Produce word for word the lines of the data below running from the one that has "[theta_ax] -> Mux1/1" to the one that has "Demux5/2 -> Mux4/1", inclusive, and no others.

- Data for this task

####################

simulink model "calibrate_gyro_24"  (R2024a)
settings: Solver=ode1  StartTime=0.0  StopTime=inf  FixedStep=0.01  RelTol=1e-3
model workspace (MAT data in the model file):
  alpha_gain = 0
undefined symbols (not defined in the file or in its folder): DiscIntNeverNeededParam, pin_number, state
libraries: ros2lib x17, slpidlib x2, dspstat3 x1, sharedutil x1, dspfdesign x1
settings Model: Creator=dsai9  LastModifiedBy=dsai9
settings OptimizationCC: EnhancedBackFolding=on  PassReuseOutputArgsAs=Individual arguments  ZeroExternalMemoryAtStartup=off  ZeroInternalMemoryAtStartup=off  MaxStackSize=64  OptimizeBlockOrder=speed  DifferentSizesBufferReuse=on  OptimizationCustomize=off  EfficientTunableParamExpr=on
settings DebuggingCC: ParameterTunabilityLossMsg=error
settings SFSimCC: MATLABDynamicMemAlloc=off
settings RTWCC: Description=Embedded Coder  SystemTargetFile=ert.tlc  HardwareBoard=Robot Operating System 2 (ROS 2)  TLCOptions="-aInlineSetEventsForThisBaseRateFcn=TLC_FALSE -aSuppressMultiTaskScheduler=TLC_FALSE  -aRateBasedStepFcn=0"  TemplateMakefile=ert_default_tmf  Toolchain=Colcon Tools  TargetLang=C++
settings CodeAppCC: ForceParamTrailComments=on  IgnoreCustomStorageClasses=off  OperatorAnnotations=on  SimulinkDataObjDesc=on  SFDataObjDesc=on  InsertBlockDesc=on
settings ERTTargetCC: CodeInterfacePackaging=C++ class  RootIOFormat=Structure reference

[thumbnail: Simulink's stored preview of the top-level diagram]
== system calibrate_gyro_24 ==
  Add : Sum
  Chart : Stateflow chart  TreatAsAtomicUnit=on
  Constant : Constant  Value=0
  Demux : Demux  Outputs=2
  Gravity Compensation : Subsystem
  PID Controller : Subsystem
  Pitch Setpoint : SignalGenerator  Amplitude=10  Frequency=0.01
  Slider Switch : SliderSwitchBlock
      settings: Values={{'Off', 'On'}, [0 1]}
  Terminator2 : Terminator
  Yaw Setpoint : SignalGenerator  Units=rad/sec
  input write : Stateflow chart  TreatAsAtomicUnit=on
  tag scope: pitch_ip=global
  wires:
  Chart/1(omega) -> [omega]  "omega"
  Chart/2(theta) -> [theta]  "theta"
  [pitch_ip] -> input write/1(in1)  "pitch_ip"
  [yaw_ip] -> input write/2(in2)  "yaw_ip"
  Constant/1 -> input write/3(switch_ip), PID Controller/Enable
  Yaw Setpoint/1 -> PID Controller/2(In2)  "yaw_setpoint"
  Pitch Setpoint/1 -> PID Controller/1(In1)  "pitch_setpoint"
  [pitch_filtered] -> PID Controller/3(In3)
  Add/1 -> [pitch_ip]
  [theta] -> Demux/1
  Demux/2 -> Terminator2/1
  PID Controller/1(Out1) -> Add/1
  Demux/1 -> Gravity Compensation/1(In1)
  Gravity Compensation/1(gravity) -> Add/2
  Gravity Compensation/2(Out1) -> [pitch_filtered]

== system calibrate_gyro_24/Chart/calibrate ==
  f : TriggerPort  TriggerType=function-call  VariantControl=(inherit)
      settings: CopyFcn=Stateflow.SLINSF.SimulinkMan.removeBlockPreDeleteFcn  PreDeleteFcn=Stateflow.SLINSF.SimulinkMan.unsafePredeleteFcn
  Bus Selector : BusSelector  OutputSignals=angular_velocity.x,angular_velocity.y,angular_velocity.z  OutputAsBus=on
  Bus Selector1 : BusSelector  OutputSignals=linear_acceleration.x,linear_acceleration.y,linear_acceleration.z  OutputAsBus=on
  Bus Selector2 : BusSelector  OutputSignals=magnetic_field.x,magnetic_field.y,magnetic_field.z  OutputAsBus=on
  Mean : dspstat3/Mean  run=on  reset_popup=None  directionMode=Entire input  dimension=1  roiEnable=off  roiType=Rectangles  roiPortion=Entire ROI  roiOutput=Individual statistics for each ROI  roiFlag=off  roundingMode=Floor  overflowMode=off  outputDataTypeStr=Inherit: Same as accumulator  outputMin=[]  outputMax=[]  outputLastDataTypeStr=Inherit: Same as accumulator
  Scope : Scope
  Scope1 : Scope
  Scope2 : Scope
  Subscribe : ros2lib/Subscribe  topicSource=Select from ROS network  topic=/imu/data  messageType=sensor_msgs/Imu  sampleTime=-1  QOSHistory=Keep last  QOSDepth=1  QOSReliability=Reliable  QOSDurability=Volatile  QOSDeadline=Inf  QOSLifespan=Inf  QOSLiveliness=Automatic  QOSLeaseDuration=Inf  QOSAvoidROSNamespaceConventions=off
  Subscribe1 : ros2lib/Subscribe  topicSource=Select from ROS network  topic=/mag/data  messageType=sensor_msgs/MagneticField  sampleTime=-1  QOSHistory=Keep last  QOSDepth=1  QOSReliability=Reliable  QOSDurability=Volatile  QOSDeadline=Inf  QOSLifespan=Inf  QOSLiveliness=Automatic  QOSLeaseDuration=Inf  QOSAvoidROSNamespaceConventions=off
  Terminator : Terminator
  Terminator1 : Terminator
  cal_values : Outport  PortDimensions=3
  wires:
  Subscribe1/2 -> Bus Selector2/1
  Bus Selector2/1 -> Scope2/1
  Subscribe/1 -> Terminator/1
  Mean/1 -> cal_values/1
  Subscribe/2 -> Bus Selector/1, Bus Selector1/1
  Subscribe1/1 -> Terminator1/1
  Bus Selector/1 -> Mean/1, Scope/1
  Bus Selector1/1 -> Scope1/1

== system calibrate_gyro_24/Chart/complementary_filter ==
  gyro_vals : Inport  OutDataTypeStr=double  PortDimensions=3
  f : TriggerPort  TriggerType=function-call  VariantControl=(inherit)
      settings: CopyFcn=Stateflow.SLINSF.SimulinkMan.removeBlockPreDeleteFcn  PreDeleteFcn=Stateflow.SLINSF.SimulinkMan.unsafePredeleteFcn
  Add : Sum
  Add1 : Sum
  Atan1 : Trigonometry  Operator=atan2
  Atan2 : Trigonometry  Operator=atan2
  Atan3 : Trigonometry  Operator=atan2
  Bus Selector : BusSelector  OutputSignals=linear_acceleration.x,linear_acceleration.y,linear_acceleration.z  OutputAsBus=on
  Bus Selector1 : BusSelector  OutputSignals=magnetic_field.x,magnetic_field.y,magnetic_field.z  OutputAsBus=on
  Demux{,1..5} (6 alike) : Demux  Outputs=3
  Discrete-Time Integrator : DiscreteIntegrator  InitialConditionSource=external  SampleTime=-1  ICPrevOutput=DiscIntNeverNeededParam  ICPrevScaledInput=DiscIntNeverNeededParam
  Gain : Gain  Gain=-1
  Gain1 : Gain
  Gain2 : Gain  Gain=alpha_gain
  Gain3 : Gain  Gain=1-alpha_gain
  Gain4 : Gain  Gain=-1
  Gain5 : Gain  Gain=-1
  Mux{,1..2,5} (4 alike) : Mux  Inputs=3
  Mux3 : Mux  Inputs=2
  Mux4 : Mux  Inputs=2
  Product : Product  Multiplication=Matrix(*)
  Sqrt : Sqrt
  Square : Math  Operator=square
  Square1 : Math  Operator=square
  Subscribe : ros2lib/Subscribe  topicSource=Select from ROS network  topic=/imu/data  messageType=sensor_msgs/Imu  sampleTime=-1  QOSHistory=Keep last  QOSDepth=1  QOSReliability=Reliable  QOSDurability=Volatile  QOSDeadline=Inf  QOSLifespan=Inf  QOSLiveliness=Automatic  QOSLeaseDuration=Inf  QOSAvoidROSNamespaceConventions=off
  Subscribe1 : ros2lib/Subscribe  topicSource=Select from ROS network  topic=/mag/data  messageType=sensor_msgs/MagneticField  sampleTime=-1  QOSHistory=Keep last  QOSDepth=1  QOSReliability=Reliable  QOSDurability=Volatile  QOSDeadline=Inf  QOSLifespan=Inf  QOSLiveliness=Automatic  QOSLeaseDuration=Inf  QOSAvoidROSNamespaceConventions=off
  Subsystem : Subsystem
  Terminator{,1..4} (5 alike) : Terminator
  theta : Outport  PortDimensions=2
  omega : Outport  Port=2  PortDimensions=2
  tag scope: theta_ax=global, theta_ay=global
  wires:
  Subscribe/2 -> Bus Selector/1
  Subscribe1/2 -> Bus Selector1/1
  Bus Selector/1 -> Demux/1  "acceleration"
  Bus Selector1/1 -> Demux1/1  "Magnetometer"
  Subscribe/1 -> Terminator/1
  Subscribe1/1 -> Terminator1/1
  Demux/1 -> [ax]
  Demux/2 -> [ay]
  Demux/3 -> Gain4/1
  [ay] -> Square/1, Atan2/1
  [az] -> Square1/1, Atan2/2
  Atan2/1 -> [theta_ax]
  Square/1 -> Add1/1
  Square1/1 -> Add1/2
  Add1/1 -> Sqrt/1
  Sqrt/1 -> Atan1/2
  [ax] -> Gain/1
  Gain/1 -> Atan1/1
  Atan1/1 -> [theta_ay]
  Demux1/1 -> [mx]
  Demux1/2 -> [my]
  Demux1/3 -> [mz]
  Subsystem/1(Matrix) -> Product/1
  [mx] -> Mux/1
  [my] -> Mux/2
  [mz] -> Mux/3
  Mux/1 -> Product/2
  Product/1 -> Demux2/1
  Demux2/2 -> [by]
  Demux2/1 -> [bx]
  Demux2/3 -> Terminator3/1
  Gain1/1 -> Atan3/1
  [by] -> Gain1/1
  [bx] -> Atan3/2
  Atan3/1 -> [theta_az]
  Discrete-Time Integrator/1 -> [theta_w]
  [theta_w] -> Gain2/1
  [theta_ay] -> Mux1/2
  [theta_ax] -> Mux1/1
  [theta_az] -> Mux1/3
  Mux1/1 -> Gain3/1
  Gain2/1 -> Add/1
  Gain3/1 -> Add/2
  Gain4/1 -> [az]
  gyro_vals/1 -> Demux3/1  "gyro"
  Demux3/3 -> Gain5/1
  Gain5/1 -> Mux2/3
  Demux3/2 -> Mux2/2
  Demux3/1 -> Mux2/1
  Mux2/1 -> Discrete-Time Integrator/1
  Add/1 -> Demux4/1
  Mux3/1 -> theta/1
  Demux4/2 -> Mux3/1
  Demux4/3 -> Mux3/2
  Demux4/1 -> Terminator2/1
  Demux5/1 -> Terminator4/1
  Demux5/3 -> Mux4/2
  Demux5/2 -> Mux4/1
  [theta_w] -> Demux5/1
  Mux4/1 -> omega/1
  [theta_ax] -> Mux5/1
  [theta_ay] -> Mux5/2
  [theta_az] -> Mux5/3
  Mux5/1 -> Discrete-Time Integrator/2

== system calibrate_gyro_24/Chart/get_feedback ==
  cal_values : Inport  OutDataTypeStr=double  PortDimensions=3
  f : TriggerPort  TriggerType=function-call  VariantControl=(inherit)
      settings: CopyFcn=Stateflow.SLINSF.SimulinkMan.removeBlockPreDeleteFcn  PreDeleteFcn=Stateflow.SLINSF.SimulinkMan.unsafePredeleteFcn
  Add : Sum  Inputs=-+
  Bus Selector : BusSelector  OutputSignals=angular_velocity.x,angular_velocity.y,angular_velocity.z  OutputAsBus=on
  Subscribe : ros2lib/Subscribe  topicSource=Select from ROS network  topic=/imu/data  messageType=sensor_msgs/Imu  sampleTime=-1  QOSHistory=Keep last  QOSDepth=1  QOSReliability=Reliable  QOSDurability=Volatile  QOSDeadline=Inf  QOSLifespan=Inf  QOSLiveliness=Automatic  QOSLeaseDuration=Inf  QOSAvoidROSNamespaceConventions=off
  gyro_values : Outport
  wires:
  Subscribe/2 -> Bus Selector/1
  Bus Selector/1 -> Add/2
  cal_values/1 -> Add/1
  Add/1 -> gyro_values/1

####################

- Answer to the exercise
  [theta_ax] -> Mux1/1
  [theta_az] -> Mux1/3
  Mux1/1 -> Gain3/1
  Gain2/1 -> Add/1
  Gain3/1 -> Add/2
  Gain4/1 -> [az]
  gyro_vals/1 -> Demux3/1  "gyro"
  Demux3/3 -> Gain5/1
  Gain5/1 -> Mux2/3
  Demux3/2 -> Mux2/2
  Demux3/1 -> Mux2/1
  Mux2/1 -> Discrete-Time Integrator/1
  Add/1 -> Demux4/1
  Mux3/1 -> theta/1
  Demux4/2 -> Mux3/1
  Demux4/3 -> Mux3/2
  Demux4/1 -> Terminator2/1
  Demux5/1 -> Terminator4/1
  Demux5/3 -> Mux4/2
  Demux5/2 -> Mux4/1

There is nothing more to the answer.